### Assignment
If a line comes after the one containing "Rectangle(CROQUIS2_W_4, CROQUIS2_H)", leave it out; copy every line before it, and that line too, exactly as written, starting from the first line of the entries.

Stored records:
= Beginning of Section =

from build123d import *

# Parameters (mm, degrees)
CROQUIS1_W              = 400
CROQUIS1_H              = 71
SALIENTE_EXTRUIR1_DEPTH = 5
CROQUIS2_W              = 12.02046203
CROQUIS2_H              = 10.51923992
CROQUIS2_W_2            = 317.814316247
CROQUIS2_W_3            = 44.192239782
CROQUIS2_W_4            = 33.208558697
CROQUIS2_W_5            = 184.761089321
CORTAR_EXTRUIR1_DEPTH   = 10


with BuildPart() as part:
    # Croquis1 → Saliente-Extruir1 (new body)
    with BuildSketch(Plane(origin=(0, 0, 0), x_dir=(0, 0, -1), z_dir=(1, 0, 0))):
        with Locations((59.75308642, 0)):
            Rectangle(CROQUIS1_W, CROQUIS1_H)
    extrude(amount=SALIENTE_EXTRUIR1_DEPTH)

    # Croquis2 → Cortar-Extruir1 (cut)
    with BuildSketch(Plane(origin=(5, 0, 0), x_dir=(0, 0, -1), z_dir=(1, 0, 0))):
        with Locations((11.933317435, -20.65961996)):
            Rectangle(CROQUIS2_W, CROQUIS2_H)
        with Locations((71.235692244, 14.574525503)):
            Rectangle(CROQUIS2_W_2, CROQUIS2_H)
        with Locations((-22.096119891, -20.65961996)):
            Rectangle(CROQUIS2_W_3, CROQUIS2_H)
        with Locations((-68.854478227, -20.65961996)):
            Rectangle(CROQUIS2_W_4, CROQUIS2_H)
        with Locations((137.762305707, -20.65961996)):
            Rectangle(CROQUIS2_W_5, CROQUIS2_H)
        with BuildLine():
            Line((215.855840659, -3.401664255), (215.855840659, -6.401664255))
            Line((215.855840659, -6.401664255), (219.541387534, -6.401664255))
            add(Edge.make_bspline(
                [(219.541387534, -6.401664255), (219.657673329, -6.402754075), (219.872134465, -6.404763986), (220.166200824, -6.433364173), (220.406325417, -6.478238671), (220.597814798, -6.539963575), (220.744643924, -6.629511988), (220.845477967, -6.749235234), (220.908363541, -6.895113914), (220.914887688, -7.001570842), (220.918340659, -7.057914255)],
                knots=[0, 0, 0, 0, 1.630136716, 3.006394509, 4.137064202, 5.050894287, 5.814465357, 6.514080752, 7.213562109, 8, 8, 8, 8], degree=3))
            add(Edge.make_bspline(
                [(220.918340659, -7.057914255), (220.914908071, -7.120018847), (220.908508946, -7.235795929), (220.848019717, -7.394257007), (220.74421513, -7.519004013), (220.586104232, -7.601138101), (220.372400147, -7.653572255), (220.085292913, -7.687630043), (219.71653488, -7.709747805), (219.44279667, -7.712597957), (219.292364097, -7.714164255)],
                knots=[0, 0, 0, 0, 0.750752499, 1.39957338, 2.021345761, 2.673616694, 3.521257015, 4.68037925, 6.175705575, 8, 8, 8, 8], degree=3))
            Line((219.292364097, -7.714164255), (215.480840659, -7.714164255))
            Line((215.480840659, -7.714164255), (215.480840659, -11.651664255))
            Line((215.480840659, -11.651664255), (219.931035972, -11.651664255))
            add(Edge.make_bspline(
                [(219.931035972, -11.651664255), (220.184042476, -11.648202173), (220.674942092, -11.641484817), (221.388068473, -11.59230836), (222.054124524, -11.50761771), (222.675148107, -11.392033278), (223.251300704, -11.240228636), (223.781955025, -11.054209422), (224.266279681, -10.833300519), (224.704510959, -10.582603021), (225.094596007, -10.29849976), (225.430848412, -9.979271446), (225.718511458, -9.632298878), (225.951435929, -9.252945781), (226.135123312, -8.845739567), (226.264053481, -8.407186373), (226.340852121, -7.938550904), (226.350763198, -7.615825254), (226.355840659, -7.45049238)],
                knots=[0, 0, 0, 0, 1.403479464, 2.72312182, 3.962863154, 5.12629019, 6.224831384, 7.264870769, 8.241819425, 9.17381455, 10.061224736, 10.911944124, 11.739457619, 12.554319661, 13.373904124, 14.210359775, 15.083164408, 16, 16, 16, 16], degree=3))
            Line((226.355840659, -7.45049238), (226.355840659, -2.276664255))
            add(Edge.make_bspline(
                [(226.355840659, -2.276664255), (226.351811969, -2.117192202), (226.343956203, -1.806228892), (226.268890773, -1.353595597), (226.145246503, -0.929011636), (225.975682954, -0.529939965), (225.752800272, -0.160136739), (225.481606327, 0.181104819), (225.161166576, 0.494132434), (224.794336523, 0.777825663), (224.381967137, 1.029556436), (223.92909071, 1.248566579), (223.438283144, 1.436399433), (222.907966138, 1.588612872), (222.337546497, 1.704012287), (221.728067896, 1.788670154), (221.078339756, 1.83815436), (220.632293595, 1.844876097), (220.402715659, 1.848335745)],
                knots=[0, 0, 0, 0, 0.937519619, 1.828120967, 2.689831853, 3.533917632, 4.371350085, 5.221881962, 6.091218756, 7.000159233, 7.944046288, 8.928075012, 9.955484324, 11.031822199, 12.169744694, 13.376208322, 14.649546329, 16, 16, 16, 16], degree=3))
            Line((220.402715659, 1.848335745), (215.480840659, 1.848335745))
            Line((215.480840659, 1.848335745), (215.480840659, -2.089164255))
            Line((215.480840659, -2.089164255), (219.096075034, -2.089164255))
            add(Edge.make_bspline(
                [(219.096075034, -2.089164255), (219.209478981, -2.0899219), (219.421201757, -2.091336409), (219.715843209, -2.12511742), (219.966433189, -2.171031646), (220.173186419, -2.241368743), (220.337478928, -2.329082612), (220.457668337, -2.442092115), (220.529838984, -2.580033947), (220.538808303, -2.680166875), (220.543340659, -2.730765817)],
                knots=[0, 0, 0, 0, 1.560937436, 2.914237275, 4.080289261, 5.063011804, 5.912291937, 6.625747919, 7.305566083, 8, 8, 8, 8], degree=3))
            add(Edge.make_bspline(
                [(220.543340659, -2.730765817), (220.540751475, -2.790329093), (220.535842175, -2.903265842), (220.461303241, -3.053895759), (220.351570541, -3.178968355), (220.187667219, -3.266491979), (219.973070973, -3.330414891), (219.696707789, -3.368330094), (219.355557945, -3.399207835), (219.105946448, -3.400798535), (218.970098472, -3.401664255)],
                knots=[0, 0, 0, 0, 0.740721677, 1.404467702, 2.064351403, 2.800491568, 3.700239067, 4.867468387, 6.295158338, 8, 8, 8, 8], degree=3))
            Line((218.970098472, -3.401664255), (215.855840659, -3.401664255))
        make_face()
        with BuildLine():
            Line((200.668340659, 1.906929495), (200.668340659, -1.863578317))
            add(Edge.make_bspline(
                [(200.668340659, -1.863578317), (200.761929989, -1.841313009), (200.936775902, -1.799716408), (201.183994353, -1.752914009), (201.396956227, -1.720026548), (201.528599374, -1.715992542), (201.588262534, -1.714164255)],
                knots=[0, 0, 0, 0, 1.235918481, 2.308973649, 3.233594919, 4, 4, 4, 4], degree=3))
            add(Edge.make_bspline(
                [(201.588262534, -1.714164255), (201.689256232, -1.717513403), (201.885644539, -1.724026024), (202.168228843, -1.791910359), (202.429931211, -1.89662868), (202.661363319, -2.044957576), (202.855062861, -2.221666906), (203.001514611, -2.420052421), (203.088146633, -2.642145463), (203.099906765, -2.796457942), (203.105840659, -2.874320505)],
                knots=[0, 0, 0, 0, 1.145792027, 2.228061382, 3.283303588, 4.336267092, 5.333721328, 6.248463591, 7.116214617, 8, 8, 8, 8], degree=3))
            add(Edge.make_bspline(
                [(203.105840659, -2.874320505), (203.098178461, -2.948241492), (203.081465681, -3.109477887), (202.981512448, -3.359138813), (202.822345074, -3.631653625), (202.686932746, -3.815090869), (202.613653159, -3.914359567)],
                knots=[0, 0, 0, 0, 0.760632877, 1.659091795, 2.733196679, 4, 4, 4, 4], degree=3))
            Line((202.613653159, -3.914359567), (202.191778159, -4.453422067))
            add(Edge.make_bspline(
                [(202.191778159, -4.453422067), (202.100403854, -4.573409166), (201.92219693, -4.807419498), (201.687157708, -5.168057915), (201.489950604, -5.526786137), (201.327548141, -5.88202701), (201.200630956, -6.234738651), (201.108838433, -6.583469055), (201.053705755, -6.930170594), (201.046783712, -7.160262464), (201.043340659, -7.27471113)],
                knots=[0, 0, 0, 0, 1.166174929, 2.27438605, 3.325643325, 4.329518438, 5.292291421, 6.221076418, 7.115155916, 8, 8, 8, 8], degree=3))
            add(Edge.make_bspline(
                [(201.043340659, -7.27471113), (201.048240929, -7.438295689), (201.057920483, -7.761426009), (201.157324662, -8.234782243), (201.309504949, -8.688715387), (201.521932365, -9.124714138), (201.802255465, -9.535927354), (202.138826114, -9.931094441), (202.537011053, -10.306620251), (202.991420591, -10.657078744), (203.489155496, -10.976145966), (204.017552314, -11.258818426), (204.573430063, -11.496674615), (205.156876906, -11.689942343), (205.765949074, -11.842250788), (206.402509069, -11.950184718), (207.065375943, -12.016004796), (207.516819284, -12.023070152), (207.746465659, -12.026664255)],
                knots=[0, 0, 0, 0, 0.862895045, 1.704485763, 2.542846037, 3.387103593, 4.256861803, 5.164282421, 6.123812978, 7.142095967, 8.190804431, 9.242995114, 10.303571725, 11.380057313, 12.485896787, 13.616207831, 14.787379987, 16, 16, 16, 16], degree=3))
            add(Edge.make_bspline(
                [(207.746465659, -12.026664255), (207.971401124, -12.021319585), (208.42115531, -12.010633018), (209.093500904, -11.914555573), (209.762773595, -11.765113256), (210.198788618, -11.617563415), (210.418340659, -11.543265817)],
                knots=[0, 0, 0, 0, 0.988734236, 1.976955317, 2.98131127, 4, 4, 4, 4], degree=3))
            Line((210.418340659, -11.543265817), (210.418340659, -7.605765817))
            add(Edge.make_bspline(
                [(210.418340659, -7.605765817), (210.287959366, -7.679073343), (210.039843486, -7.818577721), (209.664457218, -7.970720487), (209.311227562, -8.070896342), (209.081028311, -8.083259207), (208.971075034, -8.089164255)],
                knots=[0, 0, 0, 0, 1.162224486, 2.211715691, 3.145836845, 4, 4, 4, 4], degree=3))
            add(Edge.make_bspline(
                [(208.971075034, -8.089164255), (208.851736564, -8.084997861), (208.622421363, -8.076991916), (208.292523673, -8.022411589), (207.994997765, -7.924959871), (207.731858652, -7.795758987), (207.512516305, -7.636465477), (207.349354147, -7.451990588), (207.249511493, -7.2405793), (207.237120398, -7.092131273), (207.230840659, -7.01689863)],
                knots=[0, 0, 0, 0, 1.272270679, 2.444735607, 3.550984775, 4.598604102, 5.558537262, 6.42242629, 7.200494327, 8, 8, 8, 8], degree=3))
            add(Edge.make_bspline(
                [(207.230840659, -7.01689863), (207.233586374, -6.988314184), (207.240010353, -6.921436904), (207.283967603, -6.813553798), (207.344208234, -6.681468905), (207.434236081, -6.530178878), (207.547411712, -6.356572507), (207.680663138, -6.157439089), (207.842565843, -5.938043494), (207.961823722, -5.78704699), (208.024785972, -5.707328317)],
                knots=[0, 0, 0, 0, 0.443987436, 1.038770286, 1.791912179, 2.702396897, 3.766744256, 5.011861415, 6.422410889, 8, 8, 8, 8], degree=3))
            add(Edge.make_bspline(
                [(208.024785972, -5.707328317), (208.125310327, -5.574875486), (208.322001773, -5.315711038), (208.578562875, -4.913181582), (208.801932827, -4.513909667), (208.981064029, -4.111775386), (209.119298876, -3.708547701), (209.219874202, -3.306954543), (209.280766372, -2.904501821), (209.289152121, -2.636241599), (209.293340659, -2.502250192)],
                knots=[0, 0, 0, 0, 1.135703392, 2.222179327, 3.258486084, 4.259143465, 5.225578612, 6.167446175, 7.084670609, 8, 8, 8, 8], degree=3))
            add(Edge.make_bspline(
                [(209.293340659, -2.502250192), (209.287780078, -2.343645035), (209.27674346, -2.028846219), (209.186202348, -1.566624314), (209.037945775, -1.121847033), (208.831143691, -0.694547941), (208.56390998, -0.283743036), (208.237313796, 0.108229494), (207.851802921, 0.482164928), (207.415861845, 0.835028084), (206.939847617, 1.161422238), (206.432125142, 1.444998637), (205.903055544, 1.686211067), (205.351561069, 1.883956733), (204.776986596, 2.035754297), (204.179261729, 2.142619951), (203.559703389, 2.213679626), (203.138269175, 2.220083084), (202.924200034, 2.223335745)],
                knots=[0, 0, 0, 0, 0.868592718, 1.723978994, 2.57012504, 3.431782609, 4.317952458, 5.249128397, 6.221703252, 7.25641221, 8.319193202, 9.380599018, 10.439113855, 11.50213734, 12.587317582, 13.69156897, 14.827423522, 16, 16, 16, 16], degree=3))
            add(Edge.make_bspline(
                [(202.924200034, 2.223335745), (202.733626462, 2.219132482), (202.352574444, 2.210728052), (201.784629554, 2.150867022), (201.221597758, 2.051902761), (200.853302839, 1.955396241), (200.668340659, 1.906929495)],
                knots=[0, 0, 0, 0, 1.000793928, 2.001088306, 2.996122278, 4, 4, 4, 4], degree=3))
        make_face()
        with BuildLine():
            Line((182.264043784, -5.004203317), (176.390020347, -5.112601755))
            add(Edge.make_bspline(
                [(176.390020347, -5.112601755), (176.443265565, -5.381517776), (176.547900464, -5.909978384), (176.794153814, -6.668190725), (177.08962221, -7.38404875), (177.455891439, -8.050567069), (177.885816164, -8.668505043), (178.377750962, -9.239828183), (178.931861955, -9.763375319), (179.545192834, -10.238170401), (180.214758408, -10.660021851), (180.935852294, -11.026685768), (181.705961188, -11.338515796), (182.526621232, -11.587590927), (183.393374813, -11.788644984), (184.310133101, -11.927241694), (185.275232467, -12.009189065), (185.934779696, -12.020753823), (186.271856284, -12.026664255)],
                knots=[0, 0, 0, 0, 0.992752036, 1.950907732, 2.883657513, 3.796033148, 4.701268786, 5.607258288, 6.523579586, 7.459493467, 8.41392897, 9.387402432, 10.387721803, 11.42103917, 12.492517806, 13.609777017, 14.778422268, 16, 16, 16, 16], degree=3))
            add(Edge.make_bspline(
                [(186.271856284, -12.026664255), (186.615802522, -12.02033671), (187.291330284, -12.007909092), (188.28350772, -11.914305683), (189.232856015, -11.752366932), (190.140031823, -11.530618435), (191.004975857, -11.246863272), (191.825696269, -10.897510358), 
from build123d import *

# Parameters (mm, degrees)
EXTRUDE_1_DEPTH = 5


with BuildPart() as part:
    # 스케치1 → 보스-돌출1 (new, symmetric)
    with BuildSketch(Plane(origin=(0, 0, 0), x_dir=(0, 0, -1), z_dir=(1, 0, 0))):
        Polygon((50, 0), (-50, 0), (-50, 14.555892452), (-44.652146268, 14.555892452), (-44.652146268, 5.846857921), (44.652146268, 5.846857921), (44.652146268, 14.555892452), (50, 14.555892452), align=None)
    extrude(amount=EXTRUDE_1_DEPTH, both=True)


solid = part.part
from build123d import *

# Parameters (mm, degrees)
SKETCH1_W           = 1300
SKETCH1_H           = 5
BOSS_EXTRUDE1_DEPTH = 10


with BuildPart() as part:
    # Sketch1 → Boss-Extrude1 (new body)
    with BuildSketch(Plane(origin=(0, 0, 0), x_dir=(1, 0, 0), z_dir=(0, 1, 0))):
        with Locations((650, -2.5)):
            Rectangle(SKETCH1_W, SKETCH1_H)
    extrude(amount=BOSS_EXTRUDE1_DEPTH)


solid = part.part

= End of Section =

### Task answer
from build123d import *

# Parameters (mm, degrees)
CROQUIS1_W              = 400
CROQUIS1_H              = 71
SALIENTE_EXTRUIR1_DEPTH = 5
CROQUIS2_W              = 12.02046203
CROQUIS2_H              = 10.51923992
CROQUIS2_W_2            = 317.814316247
CROQUIS2_W_3            = 44.192239782
CROQUIS2_W_4            = 33.208558697
CROQUIS2_W_5            = 184.761089321
CORTAR_EXTRUIR1_DEPTH   = 10


with BuildPart() as part:
    # Croquis1 → Saliente-Extruir1 (new body)
    with BuildSketch(Plane(origin=(0, 0, 0), x_dir=(0, 0, -1), z_dir=(1, 0, 0))):
        with Locations((59.75308642, 0)):
            Rectangle(CROQUIS1_W, CROQUIS1_H)
    extrude(amount=SALIENTE_EXTRUIR1_DEPTH)

    # Croquis2 → Cortar-Extruir1 (cut)
    with BuildSketch(Plane(origin=(5, 0, 0), x_dir=(0, 0, -1), z_dir=(1, 0, 0))):
        with Locations((11.933317435, -20.65961996)):
            Rectangle(CROQUIS2_W, CROQUIS2_H)
        with Locations((71.235692244, 14.574525503)):
            Rectangle(CROQUIS2_W_2, CROQUIS2_H)
        with Locations((-22.096119891, -20.65961996)):
            Rectangle(CROQUIS2_W_3, CROQUIS2_H)
        with Locations((-68.854478227, -20.65961996)):
            Rectangle(CROQUIS2_W_4, CROQUIS2_H)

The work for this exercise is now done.